> Your goal: Going through the data below, please show each line containing the string "Reference".

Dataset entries
*** Begin section ***

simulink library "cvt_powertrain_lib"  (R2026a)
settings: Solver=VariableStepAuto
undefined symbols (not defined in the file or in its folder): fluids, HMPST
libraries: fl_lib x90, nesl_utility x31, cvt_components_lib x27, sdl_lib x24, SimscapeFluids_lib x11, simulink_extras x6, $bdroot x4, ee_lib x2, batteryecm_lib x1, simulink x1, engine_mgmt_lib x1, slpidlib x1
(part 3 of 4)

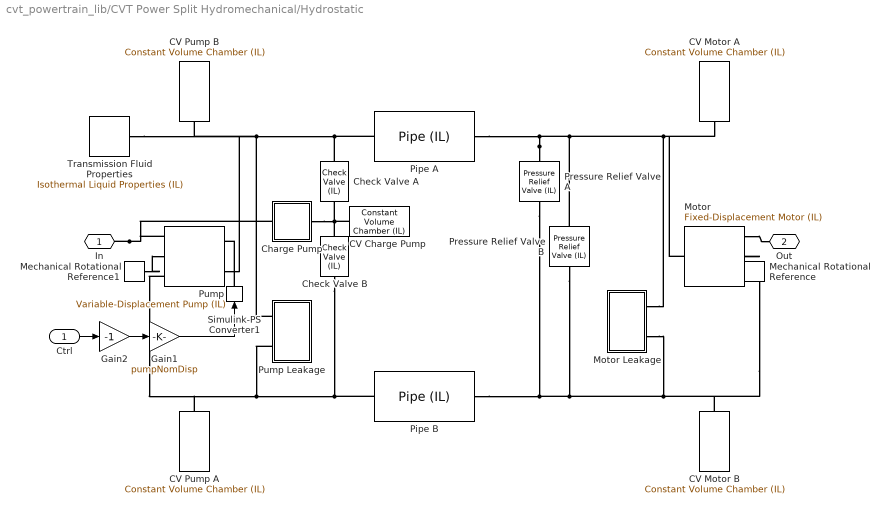
== system cvt_powertrain_lib/CVT Power Split Hydromechanical/Hydrostatic ==
  Ctrl : Inport
  CV Charge Pump : fl_lib/Isothermal Liquid/Elements/Constant Volume Chamber (IL)  volume=1e-4 m^3  p_I_specify=off  p_I_priority=High  p_I=0.101325 MPa  p_I_nominal_specify=off  p_I_nominal_value=1  p_I_nominal_unit=MPa
  CV Motor A : fl_lib/Isothermal Liquid/Elements/Constant Volume Chamber (IL)  volume=1e-4 m^3  p_I_specify=off  p_I_priority=High  p_I=0.101325 MPa  p_I_nominal_specify=off  p_I_nominal_value=1  p_I_nominal_unit=MPa
  CV Motor B : fl_lib/Isothermal Liquid/Elements/Constant Volume Chamber (IL)  volume=1e-4 m^3  p_I_specify=off  p_I_priority=High  p_I=0.101325 MPa  p_I_nominal_specify=off  p_I_nominal_value=1  p_I_nominal_unit=MPa
  CV Pump A : fl_lib/Isothermal Liquid/Elements/Constant Volume Chamber (IL)  volume=1e-4 m^3  p_I_specify=off  p_I_priority=High  p_I=0.101325 MPa  p_I_nominal_specify=off  p_I_nominal_value=1  p_I_nominal_unit=MPa
  CV Pump B : fl_lib/Isothermal Liquid/Elements/Constant Volume Chamber (IL)  volume=1e-4 m^3  p_I_specify=off  p_I_priority=High  p_I=0.101325 MPa  p_I_nominal_specify=off  p_I_nominal_value=1  p_I_nominal_unit=MPa
  Charge Pump : Subsystem  Tag=PublishSubsystem  mask{chgPumpNomDisp=chgPumpNomDisp, chgPumpNomSpd=chgPumpNomSpd, chgPumpNomPressGain=chgPumpNomPressGain, chgPumpNomVolEff=chgPumpNomVolEff, chgPumpNomMechEff=chgPumpNomMechEff, chgPumpChkvPdiff=chgPumpChkvPdiff, chgPumpChkvPrange=chgPumpChkvPrange, chgPumpChkvAmax=chgPumpChkvAmax, chgPumpChkvAleak=chgPumpChkvAleak}
      mask prompts: chgPumpNomDisp "Displacement (cm^3/rev)"; chgPumpNomSpd "Nominal Angular Velocity (rpm)"; chgPumpNomPressGain "Nominal pressure gain (MPa)"; chgPumpNomVolEff "Nominal Volumetric Efficiency (0-1)"; chgPumpNomMechEff "Nominal Mechanical Efficiency (0-1)"; chgPumpChkvPdiff "Set pressure differential (MPa)"; chgPumpChkvPrange "Pressure regulation range (MPa)"; chgPumpChkvAmax "Maximum opening area (m^2)"; chgPumpChkvAleak "Leakage area (m^2)"
      mask TypeOptions chgPumpNomDisp: Pump/displacement
      mask TypeOptions chgPumpNomSpd: Pump/omega_nominal
      mask TypeOptions chgPumpNomPressGain: Pump/p_nominal
      mask TypeOptions chgPumpNomVolEff: Pump/vol_eff_nominal
      mask TypeOptions chgPumpNomMechEff: Pump/mech_eff_nominal
      mask TypeOptions chgPumpChkvPdiff:
      | Pressure
      | Relief
      | Valve/p_set_differential
      mask TypeOptions chgPumpChkvPrange:
      | Pressure
      | Relief
      | Valve/p_range
      mask TypeOptions chgPumpChkvAmax:
      | Pressure
      | Relief
      | Valve/area_max
      mask TypeOptions chgPumpChkvAleak:
      | Pressure
      | Relief
      | Valve/area_leak
      mask DialogControl grp_chg_pump Prompt: Pump
      mask DialogControl grp_chg_pump_prv Prompt: Pressure Relief Valve
      mask Display:
      | % Circle
      | color('green')
      | plot(2*cos(linspace(0, 2*pi, 100)), 2*sin(linspace(0, 2*pi, 100)))
      | % Triangle
      | patch([1 0.4 0.4]*2, [0,-0.4,0.4]*2,[45 48 173]/255)
      | % Boundary
      | color('white')
      | plot(-2, -2)
      | plot(2, 2)
  Check Valve A : SimscapeFluids_lib/Isothermal Liquid/Valves & Orifices/Directional Control Valves/Check Valve (IL)  opening_spec=2*(fluids.isothermal_liquid.valves_orifices.enum.PressureOpeningSpec.Linear)-1  pressure_control_spec=fluids.isothermal_liquid.valves_orifices.enum.pressure_control_spec.dp  p_crack_differential=p_crack_differential MPa  p_crack_gauge=0.1 MPa  press_max_differential=press_max_differential MPa  press_max_gauge=0.2 MPa  area_max=chkv_area_max m^2  area_leak=chkv_area_leak m^2  p_diff_TLU=[0.01 : 0.01 : 0.1] MPa  valve_area_TLU=[1e-10, 1e-05, 2e-05, 3e-05, 4e-05, 5e-05, 6e-05, 7.5e-05, 8.5e-05, .0001] m^2  vol_flow_TLU=[.000358, .045, .11, .191, .284, .39, .505, .63, .764, .905] .* 1e-3 m^3/s  area=inf m^2  Cd=0.64  Re_c=150  smoothing_factor=0.01  pressure_recovery=simscape.enum.onoff.off  opening_dynamics=simscape.enum.onoff.off  tau=0.1 s
  Check Valve B : SimscapeFluids_lib/Isothermal Liquid/Valves & Orifices/Directional Control Valves/Check Valve (IL)  opening_spec=2*(fluids.isothermal_liquid.valves_orifices.enum.PressureOpeningSpec.Linear)-1  pressure_control_spec=fluids.isothermal_liquid.valves_orifices.enum.pressure_control_spec.dp  p_crack_differential=p_crack_differential MPa  p_crack_gauge=0.1 MPa  press_max_differential=press_max_differential MPa  press_max_gauge=0.2 MPa  area_max=chkv_area_max m^2  area_leak=chkv_area_leak m^2  p_diff_TLU=[0.01 : 0.01 : 0.1] MPa  valve_area_TLU=[1e-10, 1e-05, 2e-05, 3e-05, 4e-05, 5e-05, 6e-05, 7.5e-05, 8.5e-05, .0001] m^2  vol_flow_TLU=[.000358, .045, .11, .191, .284, .39, .505, .63, .764, .905] .* 1e-3 m^3/s  area=inf m^2  Cd=0.64  Re_c=150  smoothing_factor=0.01  pressure_recovery=simscape.enum.onoff.off  opening_dynamics=simscape.enum.onoff.off  tau=0.1 s
  Gain1 : Gain  Gain=pumpNomDisp
  Gain2 : Gain  Gain=-1
  Mechanical Rotational Reference : fl_lib/Mechanical/Rotational Elements/Mechanical Rotational Reference
  Mechanical Rotational Reference1 : fl_lib/Mechanical/Rotational Elements/Mechanical Rotational Reference
  Motor : SimscapeFluids_lib/Isothermal Liquid/Pumps & Motors/Fixed-Displacement Motor (IL)  leakage_friction_spec=fluids.isothermal_liquid.pumps_motors.enum.MotorLossSpec.Analytical  displacement=motorNomDisp cm^3/rev  omega_nominal=motorNomSpd rpm  p_nominal=motorNomPressDrop MPa  vol_eff_nominal=motorNomVolEff  mech_eff_nominal=motorNomMechEff  no_load_torque=0 N*m  p_diff_eff_TLU=[.1, 1, 2] MPa  omega_eff_TLU=[25, 50, 100, 200, 300, 400] rad/s  vol_eff_TLU=[.816, .908, .954, .977, .981, .984; .325, .663, .831, .916, .925, .946; .137, .568, .78, .892, .893, .91]  mech_eff_TLU=[.996, .996, .996, .996, .996, .996; .988, .989, .989, .989, .989, .99; .981, .981, .982, .982, .983, .984]  p_diff_loss_TLU=[.1, 1, 2] MPa  omega_loss_TLU=[25, 50, 100, 200, 300, 400] rad/s  vol_loss_TLU=[.023, .023, .023, .023, .0285, .032; .0844, .0842, .0845, .084, .1125, .108; .1079, .108, .11, .108, .1605, .18] * 1e-3 m^3/s  mech_loss_TLU=[.002, .002, .002, .002, .002, .002; .0607, .0556, .0556, .0556, .0556, .0505; .1937, .1937, .1833, .1833, .1729, .1626] N*m  q_shaft_TLU=[.125, .25, .5, 1, 1.5, 2] * 1e-3 m^3/s  p_diff_shaft_TLU=[.1, 1, 2] MPa  torque_shaft_TLU=[.47, 4.72, 9.35; .47, 4.7, 9.36; .47, 4.7, 9.4; .47, 4.7, 9.41; .47, 4.7, 9.46; .47, 4.68, 9.5] N*m  omega_shaft_TLU=[205, 80, 35; 455, 330, 285; 955, 831, 780; 1950, 1830, 1780; 2940, 2775, 2680; 3940, 3780, 3640] rpm  vol_eff_min=1e-3  vol_eff_max=1  mech_eff_min=1e-3  mech_eff_max=1  pressure_threshold=1e-3 MPa  omega_threshold=10 rad/s  supplied_range_check=simscape.enum.assert.action.none  motor_mode_check=simscape.enum.assert.action.none  pressure_check=simscape.enum.assert.action.none  p_min_valid=0.101325 MPa
  Motor Leakage : Subsystem  Tag=PublishSubsystem
  "Pipe A " : fl_lib/Isothermal Liquid/Elements/Pipe (IL)  length=pipeLen m  area=pipeAreaGeo m^2  Dh=pipeAreaHydr m  length_add=4 m  roughness=15e-6 m  Re_lam=2000  Re_tur=4000  shape_factor=64  dynamic_compressibility=simscape.enum.onoff.on  inertia=simscape.enum.onoff.off  p0=0.101325 MPa  mdot0=0 kg/s
  Pipe B : fl_lib/Isothermal Liquid/Elements/Pipe (IL)  length=pipeLen m  area=pipeAreaGeo m^2  Dh=pipeAreaHydr m  length_add=4 m  roughness=15e-6 m  Re_lam=2000  Re_tur=4000  shape_factor=64  dynamic_compressibility=simscape.enum.onoff.on  inertia=simscape.enum.onoff.off  p0=0.101325 MPa  mdot0=0 kg/s
  Pressure Relief Valve A : SimscapeFluids_lib/Isothermal Liquid/Valves & Orifices/Pressure Control Valves/Pressure Relief Valve (IL)  set_pressure_spec=foundation.enum.constant_controlled.constant  opening_spec=fluids.isothermal_liquid.valves_orifices.enum.opening_spec.linear  pressure_spec=fluids.isothermal_liquid.valves_orifices.enum.pressure_control_spec.dp  p_set_gauge=0.1 MPa  p_set_differential=p_set_differential MPa  p_range=p_range MPa  area_max=prv_area_max m^2  area_leak=prv_area_leak m^2  p_diff_TLU=[0.2 : 0.2 : 1.2] MPa  p_gauge_TLU=[0.2 : 0.2 : 1.2] MPa  valve_area_TLU=[1e-10, 2e-06, 4e-06, 6e-06, 8e-06, 1e-05] m^2  vol_flow_TLU=[1e-09, 3.6e-05, 8.9e-05, .00015, .00023, .00031] m^3/s  area=inf m^2  Cd=0.64  Re_c=150  smoothing_factor=0.01  pressure_recovery=simscape.enum.onoff.off  opening_dynamics=simscape.enum.onoff.off  tau=0.1 s
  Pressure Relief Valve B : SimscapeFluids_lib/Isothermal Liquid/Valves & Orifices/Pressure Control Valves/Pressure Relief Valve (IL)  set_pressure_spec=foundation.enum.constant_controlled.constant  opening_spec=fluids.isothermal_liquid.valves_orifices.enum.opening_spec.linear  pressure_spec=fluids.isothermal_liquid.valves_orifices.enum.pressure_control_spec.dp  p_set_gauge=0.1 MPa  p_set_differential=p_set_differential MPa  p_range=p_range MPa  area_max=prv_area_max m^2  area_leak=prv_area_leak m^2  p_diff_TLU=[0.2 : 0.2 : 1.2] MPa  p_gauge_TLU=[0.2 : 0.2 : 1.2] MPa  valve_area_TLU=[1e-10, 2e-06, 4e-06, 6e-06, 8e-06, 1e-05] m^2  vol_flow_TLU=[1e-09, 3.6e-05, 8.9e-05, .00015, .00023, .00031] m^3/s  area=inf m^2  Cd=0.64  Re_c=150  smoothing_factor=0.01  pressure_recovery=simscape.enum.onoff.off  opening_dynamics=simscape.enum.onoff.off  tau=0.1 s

*** End section ***

> Your response:
  Mechanical Rotational Reference : fl_lib/Mechanical/Rotational Elements/Mechanical Rotational Reference
  Mechanical Rotational Reference1 : fl_lib/Mechanical/Rotational Elements/Mechanical Rotational Reference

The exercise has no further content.